A complete Multi-omics Integration System should produce:

  • harmonized sample metadata tables
  • cross-omics feature mapping tables
  • integrated analysis-ready datasets
  • cross-domain association summaries
  • multi-omics model outputs
  • pathway-level synthesis summaries
  • network or systems-level interpretation outputs
  • integrated biological interpretation reports
  • reproducible analytical reports

Status

Planned expansion / integrative architecture

The Multi-omics Integration System serves as the systems-level integration layer within the Omics Systems framework, bringing together evidence generated across multiple analytical domains.


Live Build

The Multiomics Ecosystem is published at:

https://multiomics.complexdatainsights.com


Key Takeaway

The Multi-omics Integration System illustrates the Omics Systems approach to cross-domain biological analysis.
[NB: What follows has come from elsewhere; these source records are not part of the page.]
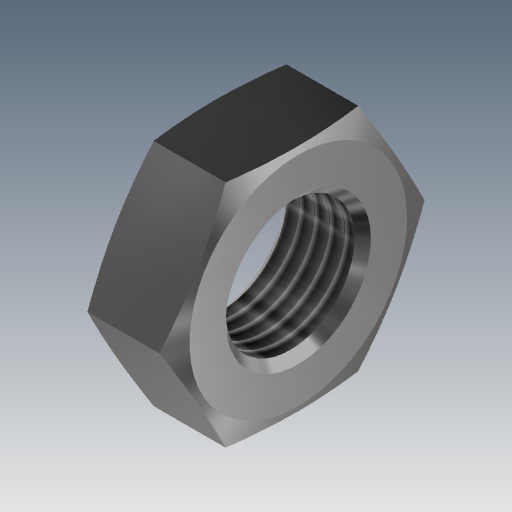
# Autodesk Inventor part: C96S40_NUT
Saved by Autodesk Inventor 2021 (Build 250183000, 183)
## iProperties
Part Number: C96S40_NUT
Material: Stainless Steel, Polished
Catalog Web Link: www.cadenas.de
Description: C96 NUT-ISO Cylinder:Standard Double Acting,Single/Double Rod
Vendor: SMC
Document SubType Name: Modeling
Designer: partserver
Manufacturer: SMC
Mass: 12.245 g
Surface Area: 10.8544 cm^2
Volume: 1.53063 cm^3
Density: 8 g/cm^3
Appearance: Stainless - Polished
Category: PARTsolutions
Company: SMC
PSOL_IDENT_0: {$CADENAS_DATA\23d-libs\smc_jp\actuator\standard_air_cylinder\cp96_c96\c96\parts\c96_nut.prj},174 {V
PSOL_IDENT_1: TYP=3D},{NB=C96S40_NUT},{LINA=C96S40_NUT},{NN=C96 NUT},{DATE=18.06.2021 10:30:46},{GEOMDATE=23.04.20
PSOL_IDENT_2: 12 00:00:00},{VERSION=v090415094912},{LINEID=60},{WBVAR=},{WBNUMERIC=}  {NB=C96S40_NUT},{LINA=C96S40
PSOL_IDENT_3: _NUT},{KT=DUMMY},{BORE=40},{KK=M12x1.25},{KRA=12},{KRP=1.25},{H=7},{B=19}
NB: C96S40_NUT
NN: C96 NUT
NT: ISO Cylinder:Standard Double Acting,Single/Double Rod
NBSYN: C96S$BORE._NUT
LINA: C96S40_NUT
CATALOG: SMC (JP
BORE: 40
KK: M12x1.25
H: 7
B: 19
SUPPLIER: SMC
ARTICLENO: C96S40_NUT
BOMINFO: C96S40_NUT
CREATOR: CADENAS GmbH
Title: C96S40_NUT
Author: Cadenas PARTsolutions
Comments: ISO Cylinder:Standard Double Acting,Single/Double Rod
Autodesk Inventor part; units mm, degrees
sketch "Sketch_2" plane through (0, 0, 0) normal (0, 0, 1) x (1, 0, 0)
  line L0 (3.5, 0) -> (-3.5, 0)
  line L1 (-3.5, 9) -> (-3.5, 6)
  line L2 (-3.5, 6) -> (-2.8235, 5.3235)
  line L3 (-2.8235, 5.3235) -> (2.8235, 5.3235)
  line L4 (2.8235, 5.3235) -> (3.5, 6)
  line L5 (3.5, 6) -> (3.5, 9)
  line L6 (3.5, 9) -> (2.3478, 13.3)
  line L7 (2.3478, 13.3) -> (-2.3478, 13.3)
  line L8 (-2.3478, 13.3) -> (-3.5, 9)
  constraints: 18 end point
revolve "Revolution1" add sketch "Sketch_2" angle 360 about axis through (3.5, 0, 0) along (1, 0, 0)
thread "Thread1" size "M12x1.25" class "6H" standard "ISO Metric profile" full length
sketch "Sketch_3" plane through (0, 0, 0) normal (1, 0, 0) x (0, 1, 0)
  circle A0 centre (0, 0) radius 19
  line L0 (-5.4848, 9.5) -> (-10.9697, 0)
  line L1 (-10.9697, 0) -> (-5.4848, -9.5)
  line L2 (-5.4848, -9.5) -> (5.4848, -9.5)
  line L3 (5.4848, -9.5) -> (10.9697, 0)
  line L4 (10.9697, 0) -> (5.4848, 9.5)
  line L5 (5.4848, 9.5) -> (-5.4848, 9.5)
  constraints: 12 end point, 1 centre point
extrude "Extrusion1" cut sketch "Sketch_3" along normal mid plane 7
ref_plane "NUT_ROD_XY" through (0, 0, 0) normal (1, 0, 0) x (0, 0, -1)
ref_plane "NUT_ROD_YZ" through (0, 0, 0) normal (0, 0, -1) x (0, 1, 0)
ref_plane "NUT_ROD_ZX" through (0, 0, 0) normal (0, 1, 0) x (1, 0, 0)
body "Solid1"

Rather than treating transcriptomics, microbiome data, proteomics, genetics, clinical metadata, and other biological layers as independent analyses, the system integrates them into a unified framework for systems-level interpretation.

The result is a workflow that links:

multiple biological data layers
      ↓
integrated evidence
      ↓
systems interpretation
      ↓
reproducible reporting

in a transparent, reproducible, and scientifically defensible manner.